About the CUE-100 Series
The CUE-100 series consists of Fc-fusion biologics that incorporate peptide-MHC (pMHC) molecules along with rationally engineered IL-2 molecules. This singular biologic is designed to selectively target, activate and expand a robust repertoire of tumor-specific T cells directly in the patient. The binding affinity of IL-2 for its receptor has been deliberately attenuated to achieve preferential selective activation of tumor-specific effector T cells while reducing potential for effects on regulatory T cells (Tregs) or broad systemic activation, potentially mitigating the dose-limiting toxicities associated with current IL-2-based therapies.

About Immuno-STAT
Immuno-STAT biologics are designed for targeted modulation of disease-associated T cells in the areas of immuno-oncology and autoimmune disease. Each of our biologic drugs is designed using our proprietary scaffold comprising: 1) a peptide-MHC complex (pMHC) to provide selectivity through interaction with the T cell receptor (TCR), and 2) a unique co-stimulatory signaling molecule to modulate the activity of the target T cells.

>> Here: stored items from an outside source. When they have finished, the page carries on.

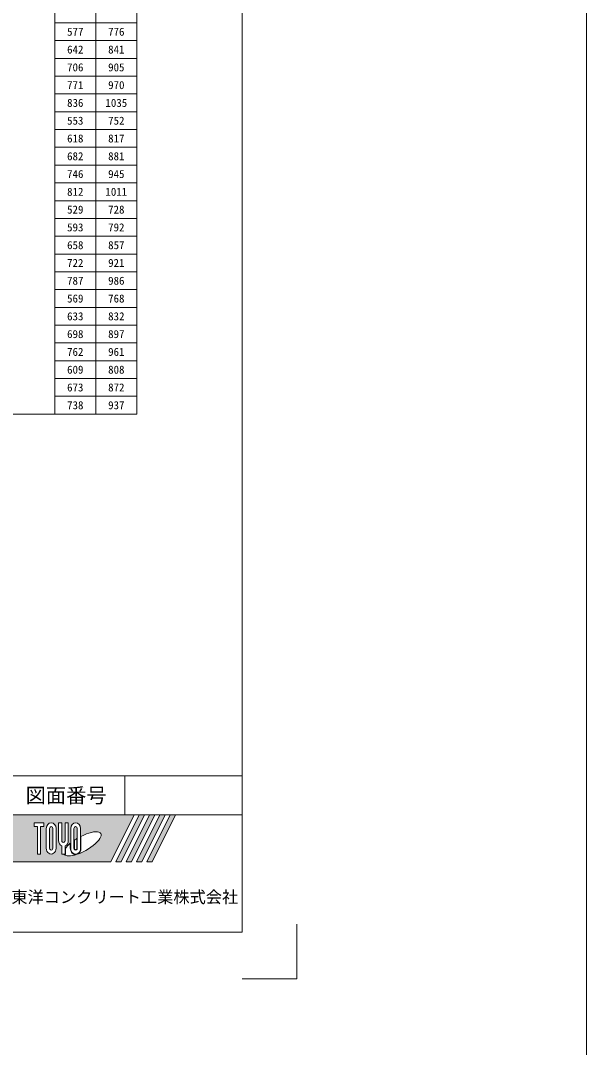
# Model space of a CAD drawing. Units: millimetres at full size; details may follow other scales. Extents: x 5964 to 125098, y -10801 to 28073.
# Drawn here: x 103175 to 105243, y -877 to 2877 of the extents above; entities that cross this region are included whole.
import ezdxf
from ezdxf.enums import TextEntityAlignment as Align

# ---------------------------------------------------------------- set-up
doc = ezdxf.new("R2010")
doc.units = ezdxf.units.MM
doc.header["$LTSCALE"] = 19
for name, color, linetype, lineweight in [('0_2', 7, 'Continuous', 20), ('Defpoints_3', 7, 'Continuous', 13), ('寸法線', 7, 'Continuous', 9), ('枠', 5, 'Continuous', 5)]:
    doc.layers.add(name, color=color, linetype=linetype, lineweight=lineweight)
doc.styles.add('ＭＳ ゴシック', font='')
doc.styles.get('ＭＳ ゴシック').set_extended_font_data('MS Gothic')

msp = doc.modelspace()

# ---------------------------------------------------------------- hatches: boundary and pattern name
at = {"layer": '枠'}
h = msp.add_hatch(color=7, dxfattribs=at)
h.paths.add_polyline_path([(103127.24, -26.98), (103127.24, -198.41), (103504.38, -198.41), (103590.09, -26.98)])
edge = h.paths.add_edge_path(flags=16)
edge.add_ellipse((103401.06, -132.5), major_axis=(67.17, 37.6), ratio=0.3471473, start_angle=-144.31122, end_angle=72.1899, ccw=False)
edge.add_ellipse((103376.19, -148.73), major_axis=(0, 22.86), ratio=0.8463542, start_angle=-160.70346, end_angle=-90)
edge.add_line((103395.54, -148.73), (103395.54, -105.16))
edge = h.paths.add_edge_path(flags=16)
edge.add_ellipse((103376.19, -76.65), major_axis=(0, 21.1), ratio=0.8463542, start_angle=-90, end_angle=90, ccw=False)
edge.add_line((103394.05, -76.65), (103394.05, -148.73))
edge.add_ellipse((103376.19, -148.73), major_axis=(0, 21.1), ratio=0.8463542, start_angle=90, end_angle=-90, ccw=False)
edge.add_line((103358.33, -148.73), (103358.33, -76.65))
edge = h.paths.add_edge_path(flags=16)
edge.add_line((103382.14, -76.65), (103382.14, -148.73))
edge.add_ellipse((103376.19, -148.73), major_axis=(0, 7.03), ratio=0.8463542, start_angle=90, end_angle=-90, ccw=False)
edge.add_line((103370.24, -148.73), (103370.24, -76.65))
edge.add_ellipse((103376.19, -76.65), major_axis=(0, 7.03), ratio=0.8463542, start_angle=-90, end_angle=90, ccw=False)
edge = h.paths.add_edge_path(flags=16)
edge.add_line((103380.66, -113.49), (103380.66, -148.73))
edge.add_ellipse((103376.19, -148.73), major_axis=(0, 5.27), ratio=0.8463543, start_angle=90, end_angle=-90, ccw=False)
edge.add_line((103371.73, -148.73), (103371.73, -119.26))
edge.add_ellipse((103401.06, -132.5), major_axis=(67.17, 37.6), ratio=0.3471473, start_angle=107.79174, end_angle=126.47132, ccw=False)
edge = h.paths.add_edge_path(flags=16)
edge.add_line((103349.41, -55.55), (103349.41, -120.16))
edge.add_ellipse((103331.55, -120.16), major_axis=(0, 21.1), ratio=0.8463542, start_angle=-163.34117, end_angle=-90, ccw=False)
edge.add_line((103337.5, -140.06), (103337.5, -169.83))
edge.add_line((103337.5, -169.83), (103325.6, -169.83))
edge.add_line((103325.6, -169.83), (103325.6, -140.06))
edge.add_ellipse((103331.55, -120.16), major_axis=(0, 21.1), ratio=0.8463542, start_angle=90, end_angle=163.34117, ccw=False)
edge.add_line((103313.69, -120.16), (103313.69, -55.55))
edge.add_line((103313.69, -55.55), (103325.6, -55.55))
edge.add_line((103325.6, -55.55), (103325.6, -120.16))
edge.add_ellipse((103331.55, -120.16), major_axis=(0, 7.03), ratio=0.8463542, start_angle=90, end_angle=-90)
edge.add_line((103337.5, -120.16), (103337.5, -55.55))
edge.add_line((103337.5, -55.55), (103349.41, -55.55))
edge = h.paths.add_edge_path(flags=16)
edge.add_line((103356.85, -130.54), (103356.85, -148.73))
edge.add_ellipse((103376.19, -148.73), major_axis=(0, 22.86), ratio=0.8463542, start_angle=90, end_angle=-171.54427)
edge.add_ellipse((103401.06, -132.5), major_axis=(67.17, 37.6), ratio=0.3471473, start_angle=-178.64954, end_angle=-148.29244, ccw=False)
edge.add_line((103334.94, -171.59), (103338.99, -171.59))
edge.add_line((103338.99, -171.59), (103338.99, -149.31))
edge.add_ellipse((103401.06, -132.5), major_axis=(67.17, 37.6), ratio=0.3471473, start_angle=148.21912, end_angle=165.90812, ccw=False)
edge = h.paths.add_edge_path(flags=16)
edge.add_ellipse((103286.91, -76.65), major_axis=(0, 21.1), ratio=0.8463542, start_angle=-90, end_angle=90, ccw=False)
edge.add_line((103304.76, -76.65), (103304.76, -148.73))
edge.add_ellipse((103286.91, -148.73), major_axis=(0, 21.1), ratio=0.8463542, start_angle=90, end_angle=-90, ccw=False)
edge.add_line((103269.05, -148.73), (103269.05, -76.65))
edge = h.paths.add_edge_path(flags=16)
edge.add_line((103292.86, -76.65), (103292.86, -148.73))
edge.add_ellipse((103286.91, -148.73), major_axis=(0, 7.03), ratio=0.8463542, start_angle=90, end_angle=-90, ccw=False)
edge.add_line((103280.95, -148.73), (103280.95, -76.65))
edge.add_ellipse((103286.91, -76.65), major_axis=(0, 7.03), ratio=0.8463542, start_angle=-90, end_angle=90, ccw=False)
h.paths.add_polyline_path([(103260.12, -55.55), (103260.12, -69.61), (103248.22, -69.61), (103248.22, -169.83), (103236.31, -169.83), (103236.31, -69.61), (103224.41, -69.61), (103224.41, -55.55)], flags=16)
for points in [[(103523.24, -198.41), (103542.09, -198.41), (103627.81, -26.98), (103608.95, -26.98)], [(103665.52, -26.98), (103646.66, -26.98), (103560.95, -198.41), (103579.81, -198.41)], [(103703.24, -26.98), (103684.38, -26.98), (103598.66, -198.41), (103617.52, -198.41)], [(103740.95, -26.98), (103722.09, -26.98), (103636.38, -198.41), (103655.24, -198.41)]]:
    msp.add_hatch(color=7, dxfattribs=at).paths.add_polyline_path(points)

# ---------------------------------------------------------------- linework, layer by layer
at = {"layer": 'Defpoints_3'}
for p in [(104184.38, -425.55), (103984.38, -625.55)]:
    msp.add_line(p, (104184.38, -625.55), dxfattribs=at)
at = {"layer": '寸法線', "lineweight": 13}
for p, q in [((103299.88, 4558.16), (103299.88, 1438.16)), ((103449.88, 4558.16), (103449.88, 1438.16)), ((103599.88, 4493.16), (103599.88, 1438.16)), ((103299.88, 2868.16), (103449.88, 2868.16)), ((103449.88, 2868.16), (103599.88, 2868.16)), ((103299.88, 2803.16), (103449.88, 2803.16)), ((103449.88, 2803.16), (103599.88, 2803.16)), ((103299.88, 2738.16), (103449.88, 2738.16)), ((103449.88, 2738.16), (103599.88, 2738.16)), ((103299.88, 2673.16), (103449.88, 2673.16)), ((103449.88, 2673.16), (103599.88, 2673.16)), ((103299.88, 2608.16), (103449.88, 2608.16)), ((103449.88, 2608.16), (103599.88, 2608.16)), ((103299.88, 2543.16), (103449.88, 2543.16)), ((103449.88, 2543.16), (103599.88, 2543.16)), ((103299.88, 2478.16), (103449.88, 2478.16)), ((103449.88, 2478.16), (103599.88, 2478.16)), ((103299.88, 2413.16), (103449.88, 2413.16)), ((103449.88, 2413.16), (103599.88, 2413.16)), ((103299.88, 2348.16), (103449.88, 2348.16)), ((103449.88, 2348.16), (103599.88, 2348.16)), ((103299.88, 2283.16), (103449.88, 2283.16)), ((103449.88, 2283.16), (103599.88, 2283.16)), ((103299.88, 2218.16), (103449.88, 2218.16)), ((103449.88, 2218.16), (103599.88, 2218.16)), ((103299.88, 2153.16), (103449.88, 2153.16)), ((103449.88, 2153.16), (103599.88, 2153.16)), ((103299.88, 2088.16), (103449.88, 2088.16)), ((103449.88, 2088.16), (103599.88, 2088.16)), ((103299.88, 2023.16), (103449.88, 2023.16)), ((103449.88, 2023.16), (103599.88, 2023.16)), ((103299.88, 1958.16), (103449.88, 1958.16)), ((103449.88, 1958.16), (103599.88, 1958.16)), ((103299.88, 1893.16), (103449.88, 1893.16)), ((103449.88, 1893.16), (103599.88, 1893.16)), ((103299.88, 1828.16), (103449.88, 1828.16)), ((103449.88, 1828.16), (103599.88, 1828.16)), ((103299.88, 1763.16), (103449.88, 1763.16)), ((103449.88, 1763.16), (103599.88, 1763.16)), ((103299.88, 1698.16), (103449.88, 1698.16)), ((103449.88, 1698.16), (103599.88, 1698.16)), ((103299.88, 1633.16), (103449.88, 1633.16)), ((103449.88, 1633.16), (103599.88, 1633.16)), ((103299.88, 1568.16), (103449.88, 1568.16)), ((103449.88, 1568.16), (103599.88, 1568.16)), ((103299.88, 1503.16), (103449.88, 1503.16)), ((103449.88, 1503.16), (103599.88, 1503.16)), ((100759.25, 1438.16), (103449.88, 1438.16)), ((103449.88, 1438.16), (103599.88, 1438.16))]:
    msp.add_line(p, q, dxfattribs=at)
at = {"layer": '枠', "lineweight": 13}
msp.add_line((105242.55, 13380.51), (105242.55, -6940.1), dxfattribs=at)
at = {"layer": '枠', "lineweight": 20}
for p, q in [((103984.38, -455.55), (103984.38, 5144.45)), ((103984.38, -369.83), (103984.38, 5144.45)), ((103984.38, 115.88), (101347.47, 115.88)), ((103555.81, -26.98), (103555.81, 115.88)), ((103984.38, -26.98), (103127.24, -26.98)), ((95984.38, -455.55), (103984.38, -455.55))]:
    msp.add_line(p, q, dxfattribs=at)
at = {"layer": '枠'}
for p, q in [((103127.24, -26.98), (103590.09, -26.98)), ((103590.09, -26.98), (103504.38, -198.41)), ((103608.95, -26.98), (103523.24, -198.41)), ((103627.81, -26.98), (103542.09, -198.41)), ((103646.66, -26.98), (103560.95, -198.41)), ((103665.52, -26.98), (103579.81, -198.41)), ((103684.38, -26.98), (103598.66, -198.41)), ((103608.95, -26.98), (103627.81, -26.98)), ((103703.24, -26.98), (103617.52, -198.41)), ((103722.09, -26.98), (103636.38, -198.41)), ((103646.66, -26.98), (103665.52, -26.98)), ((103740.95, -26.98), (103655.24, -198.41)), ((103684.38, -26.98), (103703.24, -26.98)), ((103722.09, -26.98), (103740.95, -26.98)), ((103224.41, -55.55), (103224.41, -69.61)), ((103224.41, -55.55), (103260.12, -55.55)), ((103236.31, -69.61), (103224.41, -69.61)), ((103236.31, -69.61), (103236.31, -169.83)), ((103248.22, -69.61), (103248.22, -169.83)), ((103260.12, -69.61), (103248.22, -69.61)), ((103260.12, -55.55), (103260.12, -69.61)), ((103313.69, -120.16), (103313.69, -55.55)), ((103313.69, -55.55), (103325.6, -55.55)), ((103325.6, -55.55), (103325.6, -120.16)), ((103337.5, -120.16), (103337.5, -55.55)), ((103337.5, -55.55), (103349.41, -55.55)), ((103349.41, -55.55), (103349.41, -120.16)), ((103269.05, -76.65), (103269.05, -148.73)), ((103280.95, -148.73), (103280.95, -76.65)), ((103292.86, -76.65), (103292.86, -148.73)), ((103304.76, -148.73), (103304.76, -76.65)), ((103358.33, -76.65), (103358.33, -148.73)), ((103370.24, -148.73), (103370.24, -76.65)), ((103382.14, -76.65), (103382.14, -148.73)), ((103394.05, -148.73), (103394.05, -76.65)), ((103395.54, -148.73), (103395.54, -105.16)), ((103325.6, -140.06), (103325.6, -169.83)), ((103337.5, -140.06), (103337.5, -169.83)), ((103338.99, -149.31), (103338.99, -171.59)), ((103356.85, -130.54), (103356.85, -148.73)), ((103371.73, -148.73), (103371.73, -119.26)), ((103380.66, -113.49), (103380.66, -148.73)), ((103248.22, -169.83), (103236.31, -169.83)), ((103337.5, -169.83), (103325.6, -169.83)), ((103334.94, -171.59), (103338.99, -171.59)), ((103127.24, -198.41), (103504.38, -198.41)), ((103523.24, -198.41), (103542.09, -198.41)), ((103560.95, -198.41), (103579.81, -198.41)), ((103598.66, -198.41), (103617.52, -198.41)), ((103636.38, -198.41), (103655.24, -198.41))]:
    msp.add_line(p, q, dxfattribs=at)
for centre, major_axis, ratio, start_param, end_param in [((103286.91, -76.65), (0, 21.1), 0.846354, 4.712389, 7.8539816), ((103286.91, -76.65), (0, 7.03), 0.846354, 4.712389, 7.8539816), ((103376.19, -76.65), (0, 21.1), 0.846354, 4.712389, 7.8539816), ((103376.19, -76.65), (0, 7.03), 0.846354, 4.712389, 7.8539816), ((103401.06, -132.5), (67.17, 37.6), 0.347147, 4.2621853, 7.7429163), ((103286.91, -148.73), (0, 21.1), 0.846354, 1.5707963, 4.712389), ((103286.91, -148.73), (0, 7.03), 0.846354, 1.5707963, 4.712389), ((103331.55, -120.16), (0, 21.1), 0.846354, 1.5707963, 2.8017557), ((103331.55, -120.16), (0, 7.03), 0.846354, 1.5707963, 4.712389), ((103331.55, -120.16), (0, 21.1), 0.846354, 3.4814296, 4.712389), ((103401.06, -132.5), (67.17, 37.6), 0.347147, 2.0815197, 2.5155126), ((103376.19, -148.73), (0, 22.86), 0.846354, 1.5707963, 3.3154679), ((103376.19, -148.73), (0, 21.1), 0.846354, 1.5707963, 4.712389), ((103376.19, -148.73), (0, 7.03), 0.846354, 1.5707963, 4.712389), ((103401.06, -132.5), (67.17, 37.6), 0.347147, 1.6817405, 1.8219833), ((103376.19, -148.73), (0, 5.27), 0.846354, 1.5707963, 4.712389), ((103376.19, -148.73), (0, 22.86), 0.846354, 3.5338438, 4.712389), ((103401.06, -132.5), (67.17, 37.6), 0.347147, 3.2093975, 4.2004451)]:
    msp.add_ellipse(centre, major_axis=major_axis, ratio=ratio, start_param=start_param, end_param=end_param, dxfattribs=at)

# ---------------------------------------------------------------- texts
at = {"layer": '0_2', "style": 'ＭＳ ゴシック'}
for s, height, p in [('図面番号', 54.25, (103341.52, 44.45)), ('東洋コンクリート工業株式会社', 43.4, (103555.81, -326.85))]:
    msp.add_text(s, height=height, dxfattribs=at).set_placement(p, align=Align.MIDDLE_CENTER)
at = {"layer": '寸法線', "style": 'ＭＳ ゴシック'}
for s, p in [('577', (103374.88, 2835.66)), ('776', (103524.88, 2835.66)), ('642', (103374.88, 2770.66)), ('841', (103524.88, 2770.66)), ('706', (103374.88, 2705.66)), ('905', (103524.88, 2705.66)), ('771', (103374.88, 2640.66)), ('970', (103524.88, 2640.66)), ('836', (103374.88, 2575.66)), ('1035', (103524.88, 2575.66)), ('553', (103374.88, 2510.66)), ('752', (103524.88, 2510.66)), ('618', (103374.88, 2445.66)), ('817', (103524.88, 2445.66)), ('682', (103374.88, 2380.66)), ('881', (103524.88, 2380.66)), ('746', (103374.88, 2315.66)), ('945', (103524.88, 2315.66)), ('812', (103374.88, 2250.66)), ('1011', (103524.88, 2250.66)), ('529', (103374.88, 2185.66)), ('728', (103524.88, 2185.66)), ('593', (103374.88, 2120.66)), ('792', (103524.88, 2120.66)), ('658', (103374.88, 2055.66)), ('857', (103524.88, 2055.66)), ('722', (103374.88, 1990.66)), ('921', (103524.88, 1990.66)), ('787', (103374.88, 1925.66)), ('986', (103524.88, 1925.66)), ('569', (103374.88, 1860.66)), ('768', (103524.88, 1860.66)), ('633', (103374.88, 1795.66)), ('832', (103524.88, 1795.66)), ('698', (103374.88, 1730.66)), ('897', (103524.88, 1730.66)), ('762', (103374.88, 1665.66)), ('961', (103524.88, 1665.66)), ('609', (103374.88, 1600.66)), ('808', (103524.88, 1600.66)), ('673', (103374.88, 1535.66)), ('872', (103524.88, 1535.66)), ('738', (103374.88, 1470.66)), ('937', (103524.88, 1470.66))]:
    msp.add_text(s, height=29.24, dxfattribs=at).set_placement(p, align=Align.MIDDLE_CENTER)

doc.saveas('drawing.dxf')

The simultaneous engagement of co-stimulatory molecules and pMHC binding mimics the signals delivered by antigen presenting cells (APCs) to T cells during a natural immune response. This design enables Immuno-STAT biologics to engage with the T cell population of interest, resulting in highly targeted T cell modulation. Because our drugs are delivered directly in the patient’s body (in vivo), they are fundamentally different from other T cell therapeutic approaches that require the patients’ T cells to be extracted, stimulated and expanded outside the body (ex vivo), and reinfused in an activated state.